*RECORDS FOR THIS TASK*
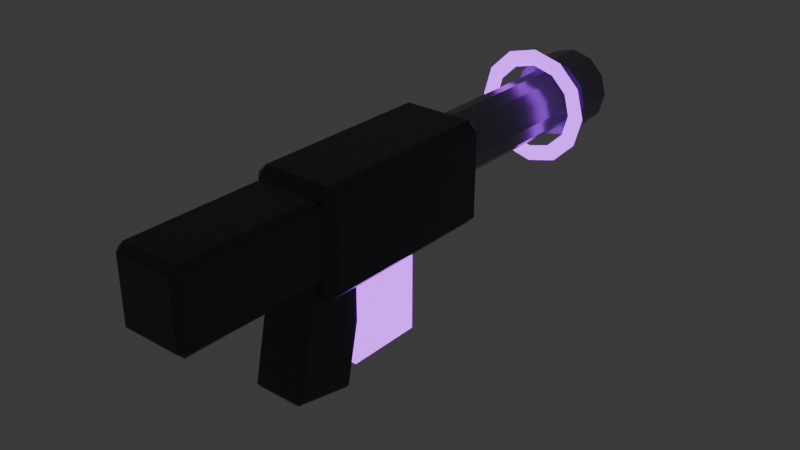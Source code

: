# Source: WPN_PlasmaCannon_A_TP_v01.blend  (saved by Blender 5.2.44; exported with 4.5.12 LTS)
import bpy
from mathutils import Matrix  # noqa: F401  (used for matrix-valued properties, if any)

bpy.ops.wm.read_factory_settings(use_empty=True)
scene = bpy.context.scene
scene.name = 'Scene'

# ---- collections
col_collection = bpy.data.collections.new('Collection'); scene.collection.children.link(col_collection)

# ---- materials (node trees are filled in below, after node groups)
mat_mat_wpn_plasmacannon_a = bpy.data.materials.new('MAT_WPN_PlasmaCannon_A')
mat_mat_wpn_plasmacannon_a.diffuse_color = (0.075, 0.09, 0.105, 1.0)
mat_mat_wpn_plasmacannon_a_detail = bpy.data.materials.new('MAT_WPN_PlasmaCannon_A_Detail')
mat_mat_wpn_plasmacannon_a_detail.diffuse_color = (0.22, 0.25, 0.28, 1.0)
mat_mat_wpn_plasmacannon_a_emissive = bpy.data.materials.new('MAT_WPN_PlasmaCannon_A_Emissive')
mat_mat_wpn_plasmacannon_a_emissive.diffuse_color = (0.34, 0.035, 0.72, 1.0)

# ---- material node trees
mat_mat_wpn_plasmacannon_a.use_nodes = True; mat_mat_wpn_plasmacannon_a.node_tree.nodes.clear()
_N = mat_mat_wpn_plasmacannon_a.node_tree.nodes; _L = mat_mat_wpn_plasmacannon_a.node_tree.links
n0 = _N.new('ShaderNodeOutputMaterial'); n0.name = 'Material Output'; n0.location = (0, 0)
n1 = _N.new('ShaderNodeBsdfPrincipled'); n1.name = 'Principled BSDF'; n1.location = (0, 0)
n1.inputs[0].default_value = (0.075, 0.09, 0.105, 1.0)
n1.inputs[1].default_value = 0.55
n1.inputs[2].default_value = 0.34
n1.inputs[10].default_value = 0.005
_L.new(n1.outputs[0], n0.inputs[0])
n0.is_active_output = True
mat_mat_wpn_plasmacannon_a_detail.use_nodes = True; mat_mat_wpn_plasmacannon_a_detail.node_tree.nodes.clear()
_N = mat_mat_wpn_plasmacannon_a_detail.node_tree.nodes; _L = mat_mat_wpn_plasmacannon_a_detail.node_tree.links
n0 = _N.new('ShaderNodeOutputMaterial'); n0.name = 'Material Output'; n0.location = (0, 0)
n1 = _N.new('ShaderNodeBsdfPrincipled'); n1.name = 'Principled BSDF'; n1.location = (0, 0)
n1.inputs[0].default_value = (0.22, 0.25, 0.28, 1.0)
n1.inputs[1].default_value = 0.75
n1.inputs[2].default_value = 0.25
n1.inputs[10].default_value = 0.005
_L.new(n1.outputs[0], n0.inputs[0])
n0.is_active_output = True
mat_mat_wpn_plasmacannon_a_emissive.use_nodes = True; mat_mat_wpn_plasmacannon_a_emissive.node_tree.nodes.clear()
_N = mat_mat_wpn_plasmacannon_a_emissive.node_tree.nodes; _L = mat_mat_wpn_plasmacannon_a_emissive.node_tree.links
n0 = _N.new('ShaderNodeOutputMaterial'); n0.name = 'Material Output'; n0.location = (0, 0)
n1 = _N.new('ShaderNodeBsdfPrincipled'); n1.name = 'Principled BSDF'; n1.location = (0, 0)
n1.inputs[0].default_value = (0.34, 0.035, 0.72, 1.0)
n1.inputs[1].default_value = 0.05
n1.inputs[2].default_value = 0.22
n1.inputs[10].default_value = 0.005
n1.inputs[27].default_value = (0.34, 0.035, 0.72, 1.0)
n1.inputs[28].default_value = 4.0
_L.new(n1.outputs[0], n0.inputs[0])
n0.is_active_output = True

# ---- world
world_world = bpy.data.worlds.new('World'); scene.world = world_world
world_world.use_nodes = True; world_world.node_tree.nodes.clear()
_N = world_world.node_tree.nodes; _L = world_world.node_tree.links
n0 = _N.new('ShaderNodeOutputWorld'); n0.name = 'World Output'; n0.location = (200, 100)
n1 = _N.new('ShaderNodeBackground'); n1.name = 'Background'; n1.location = (-200, 100)
n1.inputs[0].default_value = (0.05088, 0.05088, 0.05088, 1.0)
_L.new(n1.outputs[0], n0.inputs[0])
n0.is_active_output = True
world_world.color = (0.05088, 0.05088, 0.05088)
world_world.sun_shadow_jitter_overblur = 0.0

# ---- meshes
me_mesh_weapon = bpy.data.meshes.new('MESH_Weapon')
me_mesh_weapon.from_pydata([(-0.067, -0.177, -0.1), (-0.067, -0.195, -0.082), (-0.085, -0.177, -0.082), (-0.067, -0.195, 0.082), (-0.067, -0.177, 0.1), (-0.085, -0.177, 0.082), (-0.067, 0.177, -0.1), (-0.085, 0.177, -0.082), (-0.067, 0.195, -0.082), (-0.067, 0.177, 0.1), (-0.067, 0.195, 0.082), (-0.085, 0.177, 0.082), (0.067, -0.177, -0.1), (0.085, -0.177, -0.082), (0.067, -0.195, -0.082), (0.067, -0.177, 0.1), (0.067, -0.195, 0.082), (0.085, -0.177, 0.082), (0.067, 0.177, -0.1), (0.067, 0.195, -0.082), (0.085, 0.177, -0.082), (0.067, 0.177, 0.1), (0.085, 0.177, 0.082), (0.067, 0.195, 0.082), (-0.056, -0.466, -0.065), (-0.056, -0.48, -0.051), (-0.07, -0.466, -0.051), (-0.056, -0.48, 0.071), (-0.056, -0.466, 0.085), (-0.07, -0.466, 0.071), (-0.056, -0.194, -0.065), (-0.07, -0.194, -0.051), (-0.056, -0.18, -0.051), (-0.056, -0.194, 0.085), (-0.056, -0.18, 0.071), (-0.07, -0.194, 0.071), (0.056, -0.466, -0.065), (0.07, -0.466, -0.051), (0.056, -0.48, -0.051), (0.056, -0.466, 0.085), (0.056, -0.48, 0.071), (0.07, -0.466, 0.071), (0.056, -0.194, -0.065), (0.056, -0.18, -0.051), (0.07, -0.194, -0.051), (0.056, -0.194, 0.085), (0.07, -0.194, 0.071), (0.056, -0.18, 0.071), (-0.0445, -0.2407, -0.2805), (-0.0445, -0.2469, -0.271), (-0.0525, -0.239, -0.2727), (-0.0445, -0.2003, -0.05193), (-0.0445, -0.1908, -0.04577), (-0.0525, -0.1925, -0.0536), (-0.0445, -0.1292, -0.3042), (-0.0525, -0.1275, -0.2964), (-0.0445, -0.1197, -0.2981), (-0.0445, -0.0793, -0.06947), (-0.0445, -0.07313, -0.07896), (-0.0525, -0.08096, -0.0773), (0.0445, -0.2407, -0.2805), (0.0525, -0.239, -0.2727), (0.0445, -0.2469, -0.271), (0.0445, -0.1908, -0.04577), (0.0445, -0.2003, -0.05193), (0.0525, -0.1925, -0.0536), (0.0445, -0.1292, -0.3042), (0.0445, -0.1197, -0.2981), (0.0525, -0.1275, -0.2964), (0.0445, -0.0793, -0.06947), (0.0525, -0.08096, -0.0773), (0.0445, -0.07313, -0.07896), (5.245e-09, 0.15, 0.08), (5.245e-09, 0.56, 0.08), (-0.03, 0.15, 0.07196), (-0.03, 0.56, 0.07196), (-0.05196, 0.15, 0.05), (-0.05196, 0.56, 0.05), (-0.06, 0.15, 0.02), (-0.06, 0.56, 0.02), (-0.05196, 0.15, -0.01), (-0.05196, 0.56, -0.01), (-0.03, 0.15, -0.03196), (-0.03, 0.56, -0.03196), (-5.245e-09, 0.15, -0.04), (-5.245e-09, 0.56, -0.04), (0.03, 0.15, -0.03196), (0.03, 0.56, -0.03196), (0.05196, 0.15, -0.01), (0.05196, 0.56, -0.01), (0.06, 0.15, 0.02), (0.06, 0.56, 0.02), (0.05196, 0.15, 0.05), (0.05196, 0.56, 0.05), (0.03, 0.15, 0.07196), (0.03, 0.56, 0.07196), (0.0, 0.625, 0.1), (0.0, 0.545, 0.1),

*ACTION ITEM*
Copy only the lines in the listing that contain "import".

*ANSWER FOR THE TASK*
import bpy
from mathutils import Matrix  # noqa: F401  (used for matrix-valued properties, if any)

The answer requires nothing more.